4. and so we trade the stories you and i the pleas that overwrought our ma and pa and as we tried to call them back and swept out the outside room in the stables and my shortness of breath and garbled poetry written on my father which could then be said to be though brighter than average to have a screw loose or to put it another way mad as the rock he crawled under to reach the desperate shore and having spoken to the assembled my father is none too sure we don’t have that sort of money anyway in the kitchen blaring out reliance on the black and white forms of jays and doves. so nothing gained then by all that learning. i’m still as mad as ever in my head and in my heart or somewhat simple pleasures may be returned say things have to turn from the darkness towards the light where i first cried seeing grandma drop a tear and then getting and louder and people chanting items they still want to rescue including babies names.
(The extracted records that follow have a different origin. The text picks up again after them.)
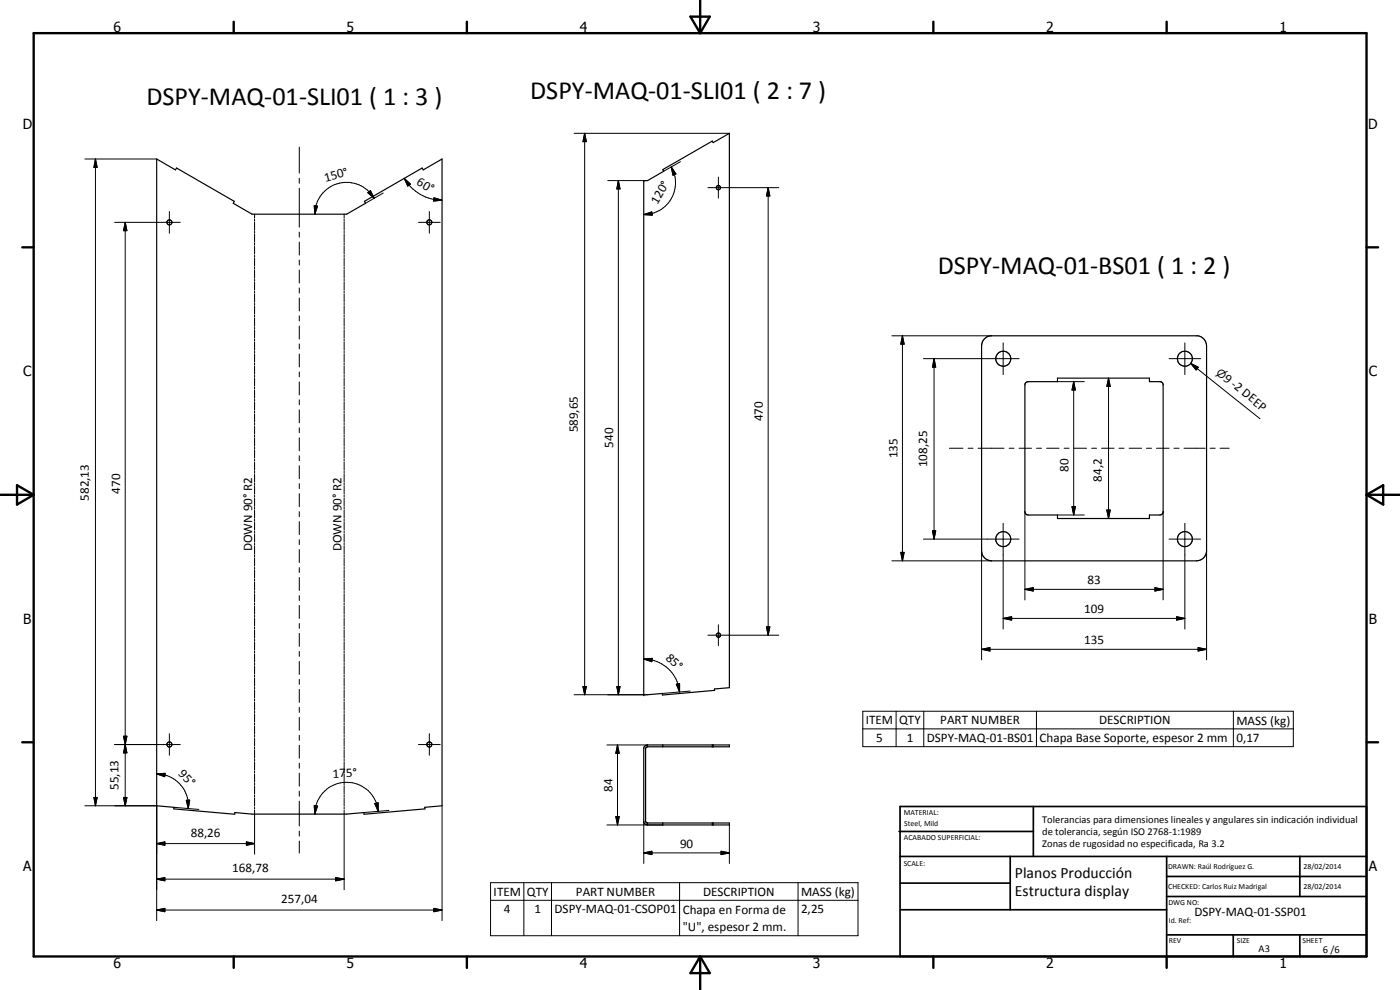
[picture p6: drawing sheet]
<svg xmlns="http://www.w3.org/2000/svg" width="420mm" height="297mm" viewBox="0 0 420 297" stroke-linecap="round" stroke-linejoin="round" font-family="sans-serif">
<g fill="none" stroke="#000" stroke-width=".35">
<path d="M47 47.7l5.7 3.3 .3-.6 17.3 10-.3 .6 5.6 3.3h28.4l5.7-3.3-.3-.6 17.3-10 .3 .6 5.7-3.3v194.1l-5.2 .4v.5l-18.2 1.6-.1-.5-5.2 .5h-28.4l-5.1-.5-.1 .5-18.3-1.6 .1-.5-5.2-.4zM193.2 54.2h1.1l4.9-2.8-.3-.5 14.9-8.6 .2 .5 4.9-2.8v166.3l-4.5 .4v.4l-15.6 1.4v-.4l-5.6 .3zM295.5 101.6l.6-.5 1.1-.3h62.3a3.1 3.1 0 0 1 2.6 3v61.5a3 3 0 0 1-3 3h-61.5a3 3 0 0 1-3-3v-61.5l.2-1.2zM308 114.7l.6-.2h8.8v-1h27.6v1h3.1l.8 .4 .2 .4v38.4l-.2 .4-.8 .4h-3.1v1.1h-27.6v-1.1h-8.8l-.6-.2-.4-.8v-38zM194.3 223.5h24.6v.6h-24.6M194.3 224.1l-.6 .6v21.7l.3 .4 24.9 .1v.6h-24.6M194.3 223.5l-.7 .3-.4 .6v22.2l.4 .7 .7 .2M194.3 223.5v.6M198.9 223.5v.6M213.8 223.5v.6M214 223.5v.6M194.3 246.9v.6"/>
<path d="M198.9 246.9v.6M213.8 246.9v.6M214 246.9v.6"/>
<circle cx="215.6" cy="56.3" r=".64"/>
<circle cx="50.8" cy="66.7" r=".76"/>
<circle cx="128.8" cy="66.7" r=".75"/>
<circle cx="301.1" cy="107.6" r="2.24"/>
<circle cx="355.6" cy="107.7" r="2.25"/>
<circle cx="301.1" cy="161.8" r="2.25"/>
<circle cx="355.6" cy="161.8" r="2.26"/>
<circle cx="215.6" cy="190.6" r=".64"/>
<circle cx="50.8" cy="223.4" r=".76"/>
<circle cx="128.8" cy="223.4" r=".76"/>
</g>
<g fill="#000">
<circle cx="193.2" cy="54.2" r=".18"/>
<circle cx="193.2" cy="208.4" r=".18"/>
</g>
<g fill="none" stroke="#000" stroke-width=".3">
<path d="M25.5 47.7h21.5M28.6 47.7l.6 2.5h-1zM28.6 47.7v194.1M89.8 44.2v7.7M89.8 53.5v1.5M89.8 56.5v11.7M110.4 57.8l.8-.6 1.1 2.3zM112.3 59.5a9.8 9.8 0 0 0-5.3-4.3 9.6 9.6 0 0 0-12.2 6.6l-.3 2.5M115 57.9l-5.3 3.1M121.3 53.5l1.9 1.7-.8 .6zM121.3 53.5a13.3 13.3 0 0 0 11.4 6.6M130.2 59.4l2.5 .7-2.6 .2z"/>
<path d="M172.3 40h46.6M175.5 40l.5 2.5h-1zM175.5 40v168.4M182.4 54.2h10.8M185.6 54.2l.5 2.5h-1zM185.6 54.2v154.2M201.5 50.1l1.3 2.1-.8 .4zM201.5 50.1a9.4 9.4 0 0 1 1 6.7 9.4 9.4 0 0 1-9.3 7.6M204.2 48.5l-5 2.9M212.5 56.3h21.2M215.6 53.1v6.3M230.5 56.3l.5 2.5h-1z"/>
<path d="M230.5 56.3v134.3M34.4 66.7h19.7M37.6 66.7l.5 2.5h-1zM37.6 66.7v175.1M50.8 63.5v6.5M76.4 64.3v1.1M76.4 65.8v.6M76.4 66.7v2.4M76.4 69.4v.6M76.4 70.3v2.4M76.4 72.9v.7M76.4 73.9v2.3"/>
<path d="M76.4 76.6v.6M76.4 77.5v2.4M89.8 69.6v1.6M89.8 72.6v3.9M89.8 78v1.5M94.3 61.7l1 .1-.8 2.5zM103.3 64.3v1.1M103.3 65.8v.6M103.3 66.7v2.4M103.3 69.4v.6M103.3 70.3v2.4M103.3 72.9v.7"/>
<path d="M103.3 73.9v2.3M103.3 76.6v.6M103.3 77.5v2.4M125.6 66.7h6.5M128.9 63.5v6.5M193.2 64.4l2.4-.8 .1 1zM76.4 80.2v.6M76.4 81.1v2.4M76.4 83.8v.6M76.4 84.7v2.3M76.4 87.4v.6M76.4 88.3v2.4"/>
<path d="M76.4 91v.6M76.4 91.9v2.4M76.4 94.6v.6M76.4 95.5v2.4M76.4 98.2v.6M76.4 99.1v2.4M89.8 81v3.9M89.8 86.4v1.5M89.8 89.4v3.9M89.8 94.8v1.5M89.8 97.8v3.9M103.3 80.2v.6"/>
<path d="M103.3 81.1v2.4M103.3 83.8v.6M103.3 84.7v2.3M103.3 87.4v.6M103.3 88.3v2.4M103.3 91v.6M103.3 91.9v2.4M103.3 94.6v.6M103.3 95.5v2.4M103.3 98.2v.6M103.3 99.1v2.4M76.4 101.8v.6"/>
<path d="M76.4 102.7v2.4M76.4 105.4v.6M76.4 106.3v2.4M76.4 109v.6M76.4 109.9v2.4M76.4 112.6v.6M76.4 113.5v2.4M76.4 116.2v.6M76.4 117.1v2.4M76.4 119.8v.6M89.8 103.2v1.5M89.8 106.2v3.9"/>
<path d="M89.8 111.6v1.5M89.8 114.6v3.9M89.8 120v1.5M103.3 101.8v.6M103.3 102.7v2.4M103.3 105.4v.6M103.3 106.3v2.4M103.3 109v.6M103.3 109.9v2.4M103.3 112.6v.6M103.3 113.5v2.4M103.3 116.2v.6"/>
<path d="M103.3 117.1v2.4M103.3 119.8v.6M267.7 100.8h29.9M270.8 100.8l.5 2.5h-1zM270.8 100.8v67.5M277.1 107.6h28.7M280.3 107.6l.5 2.6h-.9zM280.3 107.6v54.2M301.1 102.9v9.5M317.4 114.5h8M322.2 114.5l.5 2.5h-1zM322.2 114.5v40"/>
<path d="M332.7 113.5l.5 2.5h-1zM332.7 113.5v42.1M350.8 107.6h9.5M355.6 102.9v9.5M357.3 109l2.3 1.2-.6 .8zM357.3 109l20.9 16.6M76.4 120.6v2.5M76.4 123.4v.6M76.4 124.2v2.5M76.4 127v.6M76.4 127.9v2.4M76.4 130.6v.6"/>
<path d="M76.4 131.4v2.5M76.4 134.2v.5M76.4 135v2.5M76.4 137.8v.5M76.4 138.7v2.4M89.8 123v3.9M89.8 128.4v1.4M89.8 131.4v3.9M89.8 136.7v1.5M89.8 139.7v3.9M103.3 120.6v2.5M103.3 123.4v.6"/>
<path d="M103.3 124.2v2.5M103.3 127v.6M103.3 127.9v2.4M103.3 130.6v.6M103.3 131.4v2.5M103.3 134.2v.5M103.3 135v2.5M103.3 137.8v.5M103.3 138.7v2.4M284.9 134.5h4.1M290.5 134.5h1.5M293.5 134.5h7.8"/>
<path d="M302.8 134.5h1.5M305.8 134.5h3.8M311.1 134.5h1.5M314.1 134.5h3.7M319.4 134.5h1.4M322.4 134.5h3.7M327.6 134.5h1.5M330.6 134.5h3.7M335.8 134.5h1.5M338.9 134.5h3.7M344.1 134.5h1.5M347.1 134.5h3.7"/>
<path d="M352.3 134.5h1.6M355.3 134.5h6.4M363.2 134.5h1.5M366.2 134.5h2.7M76.4 141.4v.6M76.4 142.3v2.4M76.4 144.9v.7M76.4 145.8v2.5M76.4 148.6v.5M76.4 149.5v2.4M76.4 152.1v.7M76.4 153.1v2.3"/>
<path d="M76.4 155.7v.7M76.4 156.7v2.3M76.4 159.4v.6M89.8 145.1v1.5M89.8 148.1v3.9M89.8 153.5v1.5M89.8 156.5v3.9M103.3 141.4v.6M103.3 142.3v2.4M103.3 144.9v.7M103.3 145.8v2.5M103.3 148.6v.5"/>
<path d="M103.3 149.5v2.4M103.3 152.1v.7M103.3 153.1v2.3M103.3 155.7v.7M103.3 156.7v2.3M103.3 159.4v.6M279.9 159.3h.9l-.5 2.5zM301.1 157v31.7M307.6 153.5v26.5M317.4 154.5h8M321.7 152h1l-.5 2.5zM332.2 153h1l-.5 2.6z"/>
<path d="M349.1 153.5v26.5M355.6 157v31.7M76.4 160.3v2.4M76.4 163v.6M76.4 163.9v2.4M76.4 166.5v.7M76.4 167.5v2.3M76.4 170.2v.6M76.4 171.1v2.4M76.4 173.8v.6M76.4 174.7v2.4M76.4 177.4v.6"/>
<path d="M76.4 178.3v2.3M89.8 161.9v1.5M89.8 164.9v3.9M89.8 170.3v1.5M89.8 173.3v3.9M89.8 178.7v1.5M103.3 160.3v2.4M103.3 163v.6M103.3 163.9v2.4M103.3 166.5v.7M103.3 167.5v2.3M103.3 170.2v.6"/>
<path d="M103.3 171.1v2.4M103.3 173.8v.6M103.3 174.7v2.4M103.3 177.4v.6M103.3 178.3v2.3M267.7 168.3h29.9M270.3 165.7h1l-.5 2.6zM277.1 161.8h28.7M294.6 165.3v32.7M307.6 176.8l2.5-.5v1zM307.6 176.8h41.5M346.6 176.3l2.5 .5-2.5 .5z"/>
<path d="M350.8 161.8h9.5M362.1 165.3v32.7M76.4 181v.6M76.4 181.9v2.4M76.4 184.6v.6M76.4 185.5v2.4M76.4 188.2v.6M76.4 189.1v2.4M76.4 191.8v.6M76.4 192.7v2.4M76.4 195.4v.6M76.4 196.3v2.4"/>
<path d="M76.4 199v.6M76.4 199.9v2.4M89.8 181.7v3.8M89.8 187.1v1.5M89.8 190v3.9M89.8 195.5v1.4M89.8 198.5v3.9M103.3 181v.6M103.3 181.9v2.4M103.3 184.6v.6M103.3 185.5v2.4M103.3 188.2v.6"/>
<path d="M103.3 189.1v2.4M103.3 191.8v.6M103.3 192.7v2.4M103.3 195.4v.6M103.3 196.3v2.4M103.3 199v.6M103.3 199.9v2.4M193.2 197.7l2.5-.2-.1 1zM193.2 197.7a11 11 0 0 1 7.3 2.9 10.9 10.9 0 0 1 3.5 7M212.5 190.6h21.2M215.6 187.5v6.2M230 188.1h1l-.5 2.5z"/>
<path d="M294.6 194.8l2.5-.5v1zM294.6 194.8h67.5M301.1 185.5l2.5-.5v1.1zM301.1 185.5h54.5M353.1 185l2.5 .5-2.5 .6zM359.6 194.3l2.5 .5-2.5 .5zM76.4 202.6v.6M76.4 203.5v2.4M76.4 206.2v.6M76.4 207.1v2.4M76.4 209.8v.6M76.4 210.7v2.4"/>
<path d="M76.4 213.4v.6M76.4 214.2v2.5M76.4 217v.6M76.4 217.8v2.5M89.8 203.8v1.6M89.8 206.8v3.9M89.8 212.2v1.5M89.8 215.2v3.9M103.3 202.6v.6M103.3 203.5v2.4M103.3 206.2v.6M103.3 207.1v2.4"/>
<path d="M103.3 209.8v.6M103.3 210.7v2.4M103.3 213.4v.6M103.3 214.2v2.5M103.3 217v.6M103.3 217.8v2.5M172.3 208.4h20.9M175 206h1l-.5 2.4zM185.1 206h1l-.5 2.4zM203 205.3l1-.2v2.5zM207.1 207.3l-8.3 .8M258.9 213.4h129.2v10.6h-129.2z"/>
<path d="M258.9 218.7h129.2M268.9 213.4v10.6M277.2 213.4v10.6M311.1 213.4v10.6M370.2 213.4v10.6M28.2 239.3h1l-.6 2.5zM34.4 223.4h19.7M37.1 220.9h1l-.5 2.5zM37.1 239.3h1l-.5 2.5zM37.1 220.9l1 5h-1l1-5zM37.6 223.4l.5 2.5h-1zM47 232.2l2.6-.2-.2 1z"/>
<path d="M47 232.2a9.4 9.4 0 0 1 5.7 1.9 9.3 9.3 0 0 1 3.7 6l.1 2.5M50.8 220.1v6.5M76.4 220.6v.5M76.4 221.5v2.4M76.4 224.2v.6M76.4 225v2.5M76.4 227.8v.5M76.4 228.6v2.5M76.4 231.4v.5M76.4 232.3v2.4M76.4 234.9v.7M76.4 235.9v2.4"/>
<path d="M76.4 238.5v.7M76.4 239.4v2.5M89.8 220.6v1.5M89.8 223.6v3.9M89.8 229v1.5M89.8 232v3.9M89.8 237.4v1.5M103.3 220.6v.5M103.3 221.5v2.4M103.3 224.2v.6M103.3 225v2.5M103.3 227.8v.5"/>
<path d="M103.3 228.6v2.5M103.3 231.4v.5M103.3 232.3v2.4M103.3 234.9v.7M103.3 235.9v2.4M103.3 238.5v.7M103.3 239.4v2.5M125.6 223.4h6.5M128.9 220.1v6.5M182.1 223.5h12.2M185.3 223.5l.5 2.5h-1zM185.3 223.5v24"/>
<path d="M25.5 241.8h21.5v34.4M47 253.1l2.5-.5v1zM47 253.1h29.4M52.2 242.2l7.5 .7M55.9 240.1h1l-.4 2.5zM73.9 252.6l2.5 .5-2.5 .5zM76.4 242.2v.5M76.4 243.1v13.2M89.8 240.4v7.4M89.8 249.3v1.6M89.8 252.3v3.6M94.3 241.7l1 .2-.8 2.4z"/>
<path d="M103.3 242.2v.5M103.3 243.1v23.9M112.5 241.1l1-.2v2.6zM113.5 243.5a10.1 10.1 0 0 0-2.5-5.7 9.6 9.6 0 0 0-16.2 4l-.3 2.5M116.7 243.2l-7.5 .6M132.7 241.8v34.4M182.1 247.5h16.8M184.8 245h1l-.5 2.5zM193.2 255.9l2.5-.5v1zM193.2 255.9h25.7M193.2 246.4v12.7M216.4 255.4l2.5 .5-2.5 .5z"/>
<path d="M218.9 247.5v11.6M47 263.8l2.5-.5v1zM47 273l2.5-.5v1.1zM47 263.8h56.3M47 273h85.7M100.7 263.3l2.6 .5-2.6 .5zM130.2 272.5l2.5 .5-2.5 .6zM147.2 264.8h110.3v16h-110.3zM147.2 270.1h110.3M157.2 264.8v16M165.5 264.8v16M204 264.8v16"/>
<path d="M239.5 264.8v16"/>
</g>
<g fill="none" stroke="#000" stroke-width=".71">
<path d="M10.1 9.9h400v277.1h-400zM70.1 6.5v3.4M140.1 6.5v3.4M207.2 5h5.8l-2.9 4.9zM210.1 0v9.9M280.1 6.5v3.4M350.1 6.5v3.4M6.7 74.2h3.4M410.1 74.2h3.5M.1 148.5h10M5.1 145.6l5 2.9-5 2.9zM410.1 148.5h10"/>
<path d="M410.1 148.5l5-2.9v5.8zM6.7 222.7h3.4M410.1 222.7h3.5M70.1 287v3.4M140.1 287v3.4M210.1 287v10M210.1 287l2.9 5h-5.8zM280.1 287v3.4M350.1 287v3.4"/>
</g>
<g fill="none" stroke="#000" stroke-width=".51">
<path d="M269.8 249.5h40.3M270.1 242h140v45h-140zM270.1 257h140M303.2 257v16M310.1 242v15M350.1 257v30M390.1 257v12M270.1 265h33.1M270.1 273h80M350.1 269h60M350.1 263h60M350.1 280.5h60"/>
<path d="M370.1 280.5v6.5M390.1 280.5v6.5"/>
</g>
<g fill="#000">
<path d="M28.6 47.7l.6 2.5h-1zM110.4 57.8l.8-.6 1.1 2.3zM121.3 53.5l1.9 1.7-.8 .6zM175.5 40l.5 2.5h-1zM185.6 54.2l.5 2.5h-1zM201.5 50.1l1.3 2.1-.8 .4zM230.5 56.3l.5 2.5h-1zM37.6 66.7l.5 2.5h-1zM94.3 61.7l1 .1-.8 2.5zM130.2 59.4l2.5 .7-2.6 .2zM193.2 64.4l2.4-.8 .1 1zM270.8 100.8l.5 2.5h-1z"/>
<path d="M280.3 107.6l.5 2.6h-.9zM322.2 114.5l.5 2.5h-1zM332.7 113.5l.5 2.5h-1zM357.3 109l2.3 1.2-.6 .8zM279.9 159.3h.9l-.5 2.5zM321.7 152h1l-.5 2.5zM332.2 153h1l-.5 2.6zM270.3 165.7h1l-.5 2.6zM307.6 176.8l2.5-.5v1zM346.6 176.3l2.5 .5-2.5 .5zM193.2 197.7l2.5-.2-.1 1zM230 188.1h1l-.5 2.5z"/>
<path d="M294.6 194.8l2.5-.5v1zM301.1 185.5l2.5-.5v1.1zM353.1 185l2.5 .5-2.5 .6zM359.6 194.3l2.5 .5-2.5 .5zM175 206h1l-.5 2.4zM185.1 206h1l-.5 2.4zM203 205.3l1-.2v2.5zM28.2 239.3h1l-.6 2.5zM37.1 220.9h1l-.5 2.5zM37.1 239.3h1l-.5 2.5zM37.6 223.4l.5 2.5h-1zM47 232.2l2.6-.2-.2 1z"/>
<path d="M185.3 223.5l.5 2.5h-1zM47 253.1l2.5-.5v1zM55.9 240.1h1l-.4 2.5zM73.9 252.6l2.5 .5-2.5 .5zM94.3 241.7l1 .2-.8 2.4zM112.5 241.1l1-.2v2.6zM184.8 245h1l-.5 2.5zM193.2 255.9l2.5-.5v1zM216.4 255.4l2.5 .5-2.5 .5zM47 263.8l2.5-.5v1zM47 273l2.5-.5v1.1zM100.7 263.3l2.6 .5-2.6 .5z"/>
<path d="M130.2 272.5l2.5 .5-2.5 .6z"/>
</g>
<g font-size="7.9">
<text x="159.1" y="29.7">DSPY-MAQ-01-SLI01 ( 2 : 7 )</text>
<text x="43.9" y="31.6">DSPY-MAQ-01-SLI01 ( 1 : 3 )</text>
<text x="281.4" y="82.2">DSPY-MAQ-01-BS01 ( 1 : 2 )</text>
</g>
<g font-size="4.7">
<text x="304.6" y="263.5">Planos Producción</text>
<text x="304.6" y="268.9">Estructura display</text>
</g>
<g font-size="4.2">
<text x="34" y="9.6">6</text>
<text x="104" y="9.6">5</text>
<text x="174" y="9.6">4</text>
<text x="244" y="9.6">3</text>
<text x="314" y="9.6">2</text>
<text x="384" y="9.6">1</text>
<text x="6.8" y="38.7">D</text>
<text x="410.6" y="38.7">D</text>
<text x="7" y="112.9">C</text>
<text x="410.8" y="112.9">C</text>
<text x="7" y="187.1">B</text>
<text x="410.8" y="187.1">B</text>
<text x="7" y="261.4">A</text>
<text x="410.8" y="261.4">A</text>
<text x="34" y="290.4">6</text>
<text x="104" y="290.4">5</text>
<text x="174" y="290.4">4</text>
<text x="244" y="290.4">3</text>
<text x="314" y="290.4">2</text>
<text x="384" y="290.4">1</text>
</g>
<g font-size="3.9">
<text x="97.7" y="54.5" transform="rotate(-15 97.7 54.5)">150°</text>
<text x="124.8" y="55.3" transform="rotate(30 124.8 55.3)">60°</text>
<text x="197.3" y="61.5" transform="rotate(-60 197.3 61.5)">120°</text>
<text x="367" y="114" transform="rotate(39 367 114)">9 -2 DEEP</text>
<text x="173.4" y="129.8" transform="rotate(-90 173.4 129.8)">589,65</text>
<text x="229" y="126.4" transform="rotate(-90 229 126.4)">470</text>
<text x="184.1" y="134.4" transform="rotate(-90 184.1 134.4)">540</text>
<text x="269.3" y="137.5" transform="rotate(-90 269.3 137.5)">135</text>
<text x="278.2" y="140.2" transform="rotate(-90 278.2 140.2)">108,25</text>
<text x="320.7" y="141.6" transform="rotate(-90 320.7 141.6)">80</text>
<text x="36.1" y="148.1" transform="rotate(-90 36.1 148.1)">470</text>
<text x="330.7" y="144.5" transform="rotate(-90 330.7 144.5)">84,2</text>
<text x="26.6" y="150.2" transform="rotate(-90 26.6 150.2)">582,13</text>
<text x="75.6" y="165.4" transform="rotate(-90 75.6 165.4)">DOWN 90° R2</text>
<text x="102.5" y="165.4" transform="rotate(-90 102.5 165.4)">DOWN 90° R2</text>
<text x="326.3" y="175.3">83</text>
<text x="325.4" y="184">109</text>
<text x="199.6" y="197.7" transform="rotate(42 199.6 197.7)">85°</text>
<text x="325.4" y="193.3">135</text>
<text x="259.8" y="217.3">ITEM</text>
<text x="269.9" y="217.3">QTY</text>
<text x="282.2" y="217.3">PART NUMBER</text>
<text x="329.9" y="217.3">DESCRIPTION</text>
<text x="371" y="217.4">MASS (kg)</text>
<text x="263" y="222.6">5</text>
<text x="272.1" y="222.6">1</text>
<text x="278.1" y="222.6">DSPY-MAQ-01-BS01</text>
<text x="312" y="222.7">Chapa Base Soporte, espesor 2 mm</text>
<text x="371" y="222.6">0,17</text>
<text x="53.4" y="232.3" transform="rotate(48 53.4 232.3)">95°</text>
<text x="99.9" y="233.3" transform="rotate(-2 99.9 233.3)">175°</text>
<text x="35.5" y="237.1" transform="rotate(-90 35.5 237.1)">55,13</text>
<text x="183.8" y="237.5" transform="rotate(-90 183.8 237.5)">84</text>
<text x="57.3" y="251">88,26</text>
<text x="204.1" y="254.4">90</text>
<text x="69.7" y="261.7">168,78</text>
<text x="148.2" y="268.7">ITEM</text>
<text x="158.1" y="268.8">QTY</text>
<text x="172.8" y="268.7">PART NUMBER</text>
<text x="211" y="268.8">DESCRIPTION</text>
<text x="240.4" y="268.9">MASS (kg)</text>
<text x="84.4" y="270.9">257,04</text>
<text x="151.2" y="274.1">4</text>
<text x="160.4" y="274.1">1</text>
<text x="166.4" y="274.1">DSPY-MAQ-01-CSOP01</text>
<text x="204.9" y="274.2">Chapa en Forma de</text>
<text x="240.4" y="274.1">2,25</text>
<text x="358.5" y="275">DSPY-MAQ-01-SSP01</text>
<text x="204.9" y="279.4">&quot;U&quot;, espesor 2 mm.</text>
</g>
<text font-size="3.3" x="364.8" y="112.2" transform="rotate(39 364.8 112.2)">n</text>
<g font-size="3.1">
<text x="312.7" y="246.8">Tolerancias para dimensiones lineales y angulares sin indicación individual</text>
<text x="312.7" y="250.4">de tolerancia, según ISO 2768-1:1989</text>
<text x="312.7" y="254">Zonas de rugosidad no especificada, Ra 3.2</text>
<text x="377.7" y="285.6">A3</text>
<text x="397" y="285.9">6 /6</text>
</g>
<g font-size="2.4">
<text x="271.2" y="244.4">MATERIAL:</text>
<text x="271.3" y="252">ACABADO SUPERFICIAL:</text>
<text x="271.4" y="247.9">Steel, Mild</text>
<text x="271.2" y="259.7">SCALE:</text>
<text x="350.6" y="260.8">DRAWN: Raúl Rodríguez G.</text>
<text x="391.2" y="260.6">28/02/2014</text>
<text x="350.6" y="266.9">CHECKED: Carlos Ruiz Madrigal</text>
<text x="391.2" y="266.7">28/02/2014</text>
<text x="350.6" y="271.4">DWG NO:</text>
<text x="350.8" y="276.9">Id. Ref:</text>
<text x="350.8" y="282.8">REV</text>
<text x="371.2" y="282.9">SIZE</text>
<text x="390.9" y="282.9">SHEET</text>
</g>
</svg>

5. we all grow up to juxtapose our fears in line with the leaping of this lion deep into the jungle of the unknown and our precious jewel expression bleeding from the mouth and then wide-eyed in the centre of comprehension a perfect image from childhood era and the feeling of running free in the park with no restrictions beyond the forming of the wrenching of the tearing of a soul now grown old and weary with the 123 of the dance along the outside edge of the park. it looks like the same one. but don’t they all and in memories there were rituals of late night escapades in the darkness meeting gillian, rosemary and edith and that always seemed like a bit of a giggle but now and then i struggle to remember their faces or which ones thrilled me more than the others. at times i weep a kind of withheld sob. i cannot remember some of it or all of it it is all the same in the dreary ruins of my heart.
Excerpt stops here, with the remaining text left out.